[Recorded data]
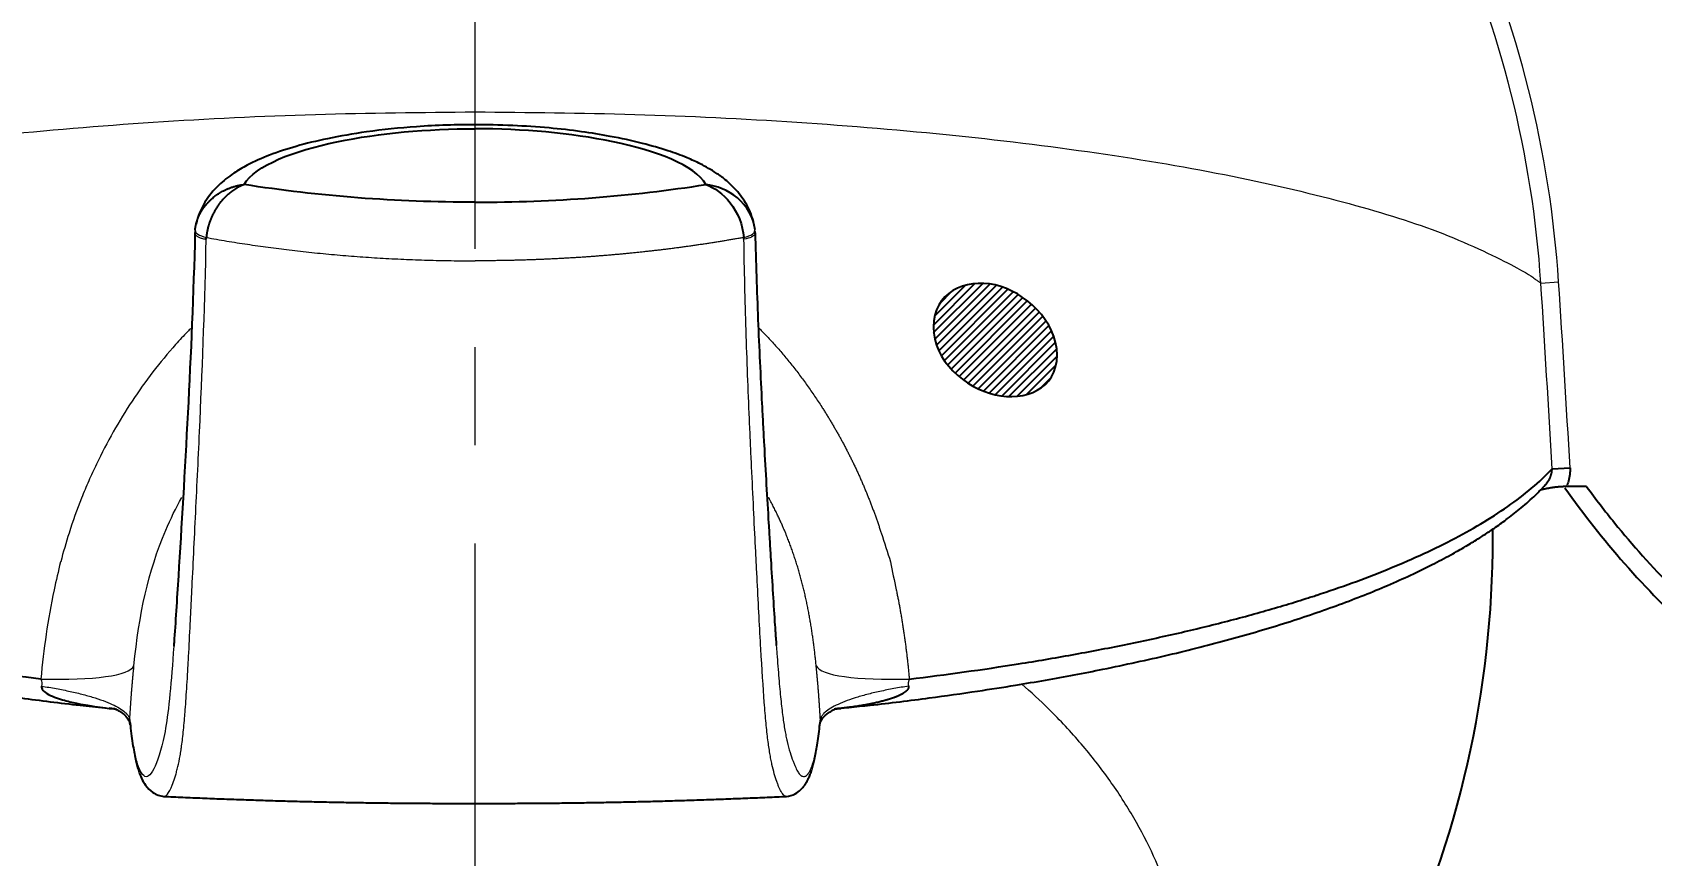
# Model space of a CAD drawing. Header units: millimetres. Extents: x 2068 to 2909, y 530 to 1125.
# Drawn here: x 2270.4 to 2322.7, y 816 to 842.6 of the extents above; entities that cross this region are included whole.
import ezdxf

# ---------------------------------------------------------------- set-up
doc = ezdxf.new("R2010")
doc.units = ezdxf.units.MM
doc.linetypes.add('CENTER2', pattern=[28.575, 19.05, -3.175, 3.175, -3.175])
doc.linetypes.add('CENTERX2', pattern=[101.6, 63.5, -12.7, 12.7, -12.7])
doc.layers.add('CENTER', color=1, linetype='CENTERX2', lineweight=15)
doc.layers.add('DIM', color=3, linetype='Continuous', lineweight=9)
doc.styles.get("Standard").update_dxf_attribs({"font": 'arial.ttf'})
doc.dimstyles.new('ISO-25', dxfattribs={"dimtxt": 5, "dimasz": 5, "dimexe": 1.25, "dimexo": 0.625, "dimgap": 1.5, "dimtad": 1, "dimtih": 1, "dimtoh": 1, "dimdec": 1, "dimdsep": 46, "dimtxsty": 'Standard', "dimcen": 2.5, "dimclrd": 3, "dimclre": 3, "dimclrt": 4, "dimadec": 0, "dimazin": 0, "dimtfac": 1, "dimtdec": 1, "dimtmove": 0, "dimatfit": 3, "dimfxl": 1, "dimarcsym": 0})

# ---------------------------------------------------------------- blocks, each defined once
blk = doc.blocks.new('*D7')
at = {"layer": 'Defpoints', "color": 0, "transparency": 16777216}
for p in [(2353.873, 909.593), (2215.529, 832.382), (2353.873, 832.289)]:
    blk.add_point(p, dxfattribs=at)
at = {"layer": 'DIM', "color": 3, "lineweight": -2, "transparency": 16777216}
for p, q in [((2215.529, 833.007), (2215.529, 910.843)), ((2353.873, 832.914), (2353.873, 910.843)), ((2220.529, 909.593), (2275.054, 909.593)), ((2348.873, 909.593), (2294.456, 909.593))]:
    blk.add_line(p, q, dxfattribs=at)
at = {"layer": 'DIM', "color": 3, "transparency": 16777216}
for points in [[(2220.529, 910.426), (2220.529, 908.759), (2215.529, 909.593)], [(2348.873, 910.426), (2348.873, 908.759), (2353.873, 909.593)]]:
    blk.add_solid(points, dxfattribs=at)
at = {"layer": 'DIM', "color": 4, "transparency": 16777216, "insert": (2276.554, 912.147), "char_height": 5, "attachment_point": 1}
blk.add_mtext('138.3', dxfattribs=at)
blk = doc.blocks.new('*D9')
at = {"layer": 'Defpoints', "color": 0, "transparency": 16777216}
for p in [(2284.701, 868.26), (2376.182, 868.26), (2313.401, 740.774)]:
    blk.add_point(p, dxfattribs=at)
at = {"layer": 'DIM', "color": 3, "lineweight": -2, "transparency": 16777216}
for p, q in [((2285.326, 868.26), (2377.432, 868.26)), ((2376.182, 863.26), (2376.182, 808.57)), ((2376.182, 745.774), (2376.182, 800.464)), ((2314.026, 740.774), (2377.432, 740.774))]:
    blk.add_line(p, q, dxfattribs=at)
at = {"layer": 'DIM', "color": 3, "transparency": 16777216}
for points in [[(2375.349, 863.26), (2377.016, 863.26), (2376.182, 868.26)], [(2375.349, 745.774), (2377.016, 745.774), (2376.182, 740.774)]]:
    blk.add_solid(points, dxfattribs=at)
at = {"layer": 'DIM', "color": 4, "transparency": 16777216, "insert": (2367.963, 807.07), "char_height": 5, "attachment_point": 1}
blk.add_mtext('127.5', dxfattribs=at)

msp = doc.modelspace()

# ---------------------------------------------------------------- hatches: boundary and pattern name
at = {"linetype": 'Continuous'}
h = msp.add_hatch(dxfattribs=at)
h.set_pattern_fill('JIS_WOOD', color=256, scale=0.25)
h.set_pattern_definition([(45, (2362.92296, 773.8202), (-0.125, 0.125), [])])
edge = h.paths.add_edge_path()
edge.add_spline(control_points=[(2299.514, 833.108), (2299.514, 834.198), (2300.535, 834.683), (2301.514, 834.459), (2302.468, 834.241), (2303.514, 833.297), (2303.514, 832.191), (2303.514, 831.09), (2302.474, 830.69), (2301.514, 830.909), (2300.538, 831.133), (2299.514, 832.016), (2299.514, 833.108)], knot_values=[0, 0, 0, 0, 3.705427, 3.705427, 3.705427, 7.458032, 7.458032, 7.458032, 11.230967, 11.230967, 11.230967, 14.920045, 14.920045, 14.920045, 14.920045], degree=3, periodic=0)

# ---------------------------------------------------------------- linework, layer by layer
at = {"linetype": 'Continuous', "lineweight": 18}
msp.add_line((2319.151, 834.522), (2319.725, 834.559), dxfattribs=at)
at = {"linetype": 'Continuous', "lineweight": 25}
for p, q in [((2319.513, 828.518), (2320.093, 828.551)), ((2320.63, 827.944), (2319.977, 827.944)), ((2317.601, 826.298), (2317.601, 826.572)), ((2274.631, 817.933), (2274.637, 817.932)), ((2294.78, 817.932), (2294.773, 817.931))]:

### EXERCISE OBJECTIVE
Copy every line where the word "Standard" is present in the entries above.

### OUTPUT BELOW
doc.styles.get("Standard").update_dxf_attribs({"font": 'arial.ttf'})
doc.dimstyles.new('ISO-25', dxfattribs={"dimtxt": 5, "dimasz": 5, "dimexe": 1.25, "dimexo": 0.625, "dimgap": 1.5, "dimtad": 1, "dimtih": 1, "dimtoh": 1, "dimdec": 1, "dimdsep": 46, "dimtxsty": 'Standard', "dimcen": 2.5, "dimclrd": 3, "dimclre": 3, "dimclrt": 4, "dimadec": 0, "dimazin": 0, "dimtfac": 1, "dimtdec": 1, "dimtmove": 0, "dimatfit": 3, "dimfxl": 1, "dimarcsym": 0})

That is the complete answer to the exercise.